My best to all of them. Can we stop making these now?

Trans Documentary Drinking Game

In light of the documentary about Chloe Prince that will air tomorrow night, I thought we should all be prepared for what looks like it’s going to be a doozy of a predictable documentary.

So, the rules, such as they are, for watching a trans documentary:

  1. Putting on makeup. Two drinks for reverse camera shot into mirror.
  2. Doing anything better done in jeans and sneakers in heels and a skirt. Examples: cleaning the house, shoveling the sidewalk, yard work, walking the dog.
  3. Before picture shown. Two drinks for picture in stereotypical male mode (sports team, facial hair, military, wedding tux)
  4. Camera shot putting on or taking off a bra.
  5. Photo of any wig, breast form, padding, etc.
  6. Surprise disclosure, when a trans woman is introduced and then partway through the piece, her secret is revealed.
  7. Camera focus on masculine body parts: hands, feet, Adam’s apple, height, etc.
  8. Any reference to genital surgery that refers to “becoming a woman” or “finally a woman”
  9. Minor chords played softly on a piano
  10. talk show host saying “you go girl”
  11. any discussion of plumbing or electricity
  12. black and white childhood shots, MTF with cap gun and cowboy hat, FTM as ballerina.
  13. Trans woman saying, “I am not a crossdresser. Not that there’s anything wrong with that.”
  14. Trans woman clutching large teddy bear in hospital bed.
  15. Birthday balloons after surgery.
  16. Trans woman with new boyfriend (after shot of tearful ex-wife).
  17. Trans woman sitting in chair in above-the-knee skirt, posed so you can see what great gams she has.
  18. Patient wheeled off to surgery …
  19. … lingering shot of the hospital bed with the teddy bear (or wife) left behind.
  20. Shot of protaganist sitting at the computer keyboard, looking at a trans support website or surgeon’s website….
  21. Any helping professional teaching deportment
  22. Camera in the operating room – just drink the whole bottle
  23. Any and all deployments of soft focus = 1 shot
  24. Close up of dotted lines in magic marker on pale fleshy body parts = 1 shot
  25. Earnest surgeon describes his motivation as “to help [girlname] become the woman she’s always really felt herself to be” = 3 shots
  26. Before picture with extreme facial hair – 1 shot
  27. Before picture in uniform – Military, Football, etc… – 2 shots
  28. Video from hair removal session : Laser – 1 shot, electrolysis – 2 shots
  29. Before picture – Last time she wore a dress (F2M) – 1 shots
  30. Breast binding – 2 shots
  31. Taking Hormones – Self-injecting -3 shots, orals – 1 shot
  32. Did anyone mention an arduous and lonely childhood?
  33. Meeting the school bully as “the new me” at the High School reunion?
  34. Looking at the old picture of self and saying something to the effect of “he was a nice guy….” or “Ken was a lot of fun, but his time is over. It’s Ginger’s turn now!”
  35. Trans woman claiming to have IS chromosomal pattern, an affinity for washing dishes, a sudden dislike of sports, etc.
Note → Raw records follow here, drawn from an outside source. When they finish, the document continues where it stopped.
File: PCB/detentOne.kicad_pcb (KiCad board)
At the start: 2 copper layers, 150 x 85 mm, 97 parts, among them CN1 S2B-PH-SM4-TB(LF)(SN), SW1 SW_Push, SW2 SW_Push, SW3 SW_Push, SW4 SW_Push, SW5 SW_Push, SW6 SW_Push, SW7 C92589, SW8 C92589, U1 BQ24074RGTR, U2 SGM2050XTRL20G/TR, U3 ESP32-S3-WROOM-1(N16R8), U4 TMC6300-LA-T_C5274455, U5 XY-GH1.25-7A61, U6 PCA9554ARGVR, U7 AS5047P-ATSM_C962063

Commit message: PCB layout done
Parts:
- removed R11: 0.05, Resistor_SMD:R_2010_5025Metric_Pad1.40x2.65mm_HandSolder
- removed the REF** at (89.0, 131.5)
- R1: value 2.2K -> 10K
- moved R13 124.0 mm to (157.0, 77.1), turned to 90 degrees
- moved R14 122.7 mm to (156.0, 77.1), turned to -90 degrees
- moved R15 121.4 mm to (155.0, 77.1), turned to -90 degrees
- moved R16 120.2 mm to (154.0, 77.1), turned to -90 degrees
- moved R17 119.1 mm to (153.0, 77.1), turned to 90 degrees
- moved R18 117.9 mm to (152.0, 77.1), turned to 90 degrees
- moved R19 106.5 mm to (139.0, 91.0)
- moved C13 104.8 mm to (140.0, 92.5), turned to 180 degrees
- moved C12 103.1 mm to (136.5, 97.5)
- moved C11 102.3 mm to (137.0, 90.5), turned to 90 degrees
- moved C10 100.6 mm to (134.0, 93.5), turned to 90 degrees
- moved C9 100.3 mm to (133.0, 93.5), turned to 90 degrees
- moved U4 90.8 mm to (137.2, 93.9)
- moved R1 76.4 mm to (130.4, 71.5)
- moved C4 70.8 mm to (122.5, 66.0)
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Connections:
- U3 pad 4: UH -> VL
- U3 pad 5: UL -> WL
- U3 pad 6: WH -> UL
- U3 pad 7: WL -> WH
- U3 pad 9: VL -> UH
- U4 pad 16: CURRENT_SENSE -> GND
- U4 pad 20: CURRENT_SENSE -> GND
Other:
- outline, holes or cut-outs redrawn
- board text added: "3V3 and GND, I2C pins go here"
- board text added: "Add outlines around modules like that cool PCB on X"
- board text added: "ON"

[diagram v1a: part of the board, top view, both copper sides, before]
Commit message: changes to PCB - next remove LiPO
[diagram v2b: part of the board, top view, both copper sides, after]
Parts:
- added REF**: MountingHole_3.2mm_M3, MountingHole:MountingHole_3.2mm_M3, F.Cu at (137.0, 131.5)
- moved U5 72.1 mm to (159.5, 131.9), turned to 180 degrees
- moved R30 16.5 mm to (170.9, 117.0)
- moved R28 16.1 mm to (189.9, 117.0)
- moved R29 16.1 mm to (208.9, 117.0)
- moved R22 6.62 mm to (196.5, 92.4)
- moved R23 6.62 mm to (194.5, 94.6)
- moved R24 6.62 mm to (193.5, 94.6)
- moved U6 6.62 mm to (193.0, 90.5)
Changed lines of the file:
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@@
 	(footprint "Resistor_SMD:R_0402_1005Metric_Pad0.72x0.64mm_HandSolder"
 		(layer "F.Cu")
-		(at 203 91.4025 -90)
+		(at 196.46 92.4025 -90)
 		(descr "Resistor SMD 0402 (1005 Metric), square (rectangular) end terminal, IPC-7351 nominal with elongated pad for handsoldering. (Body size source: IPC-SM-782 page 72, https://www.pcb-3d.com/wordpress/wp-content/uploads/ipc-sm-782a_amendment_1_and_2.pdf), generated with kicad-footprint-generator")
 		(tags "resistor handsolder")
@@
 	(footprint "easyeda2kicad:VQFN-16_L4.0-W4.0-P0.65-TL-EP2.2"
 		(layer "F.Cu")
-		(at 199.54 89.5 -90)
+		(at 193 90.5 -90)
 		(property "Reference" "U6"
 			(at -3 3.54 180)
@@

Believe it or not, these are not the most snarky suggestions by some of our mHB board members. Also remember: there are quite a few people who hang out on our boards who have done this kind of media work, including me & Betty, of course, but also Jenny Boylan, amongst others. We need to laugh at ourselves as much as we laugh at the inanity of it all.

Twelve-Steppers should find their own version, of course. Maybe those ice cream poppers? But the point is to feel as physically ill by the end as the drinking crowd.

(Thanks and love to Gwen Smith who wrote her own version of this back in 2005 and to anyone else who has posted their version of this game.)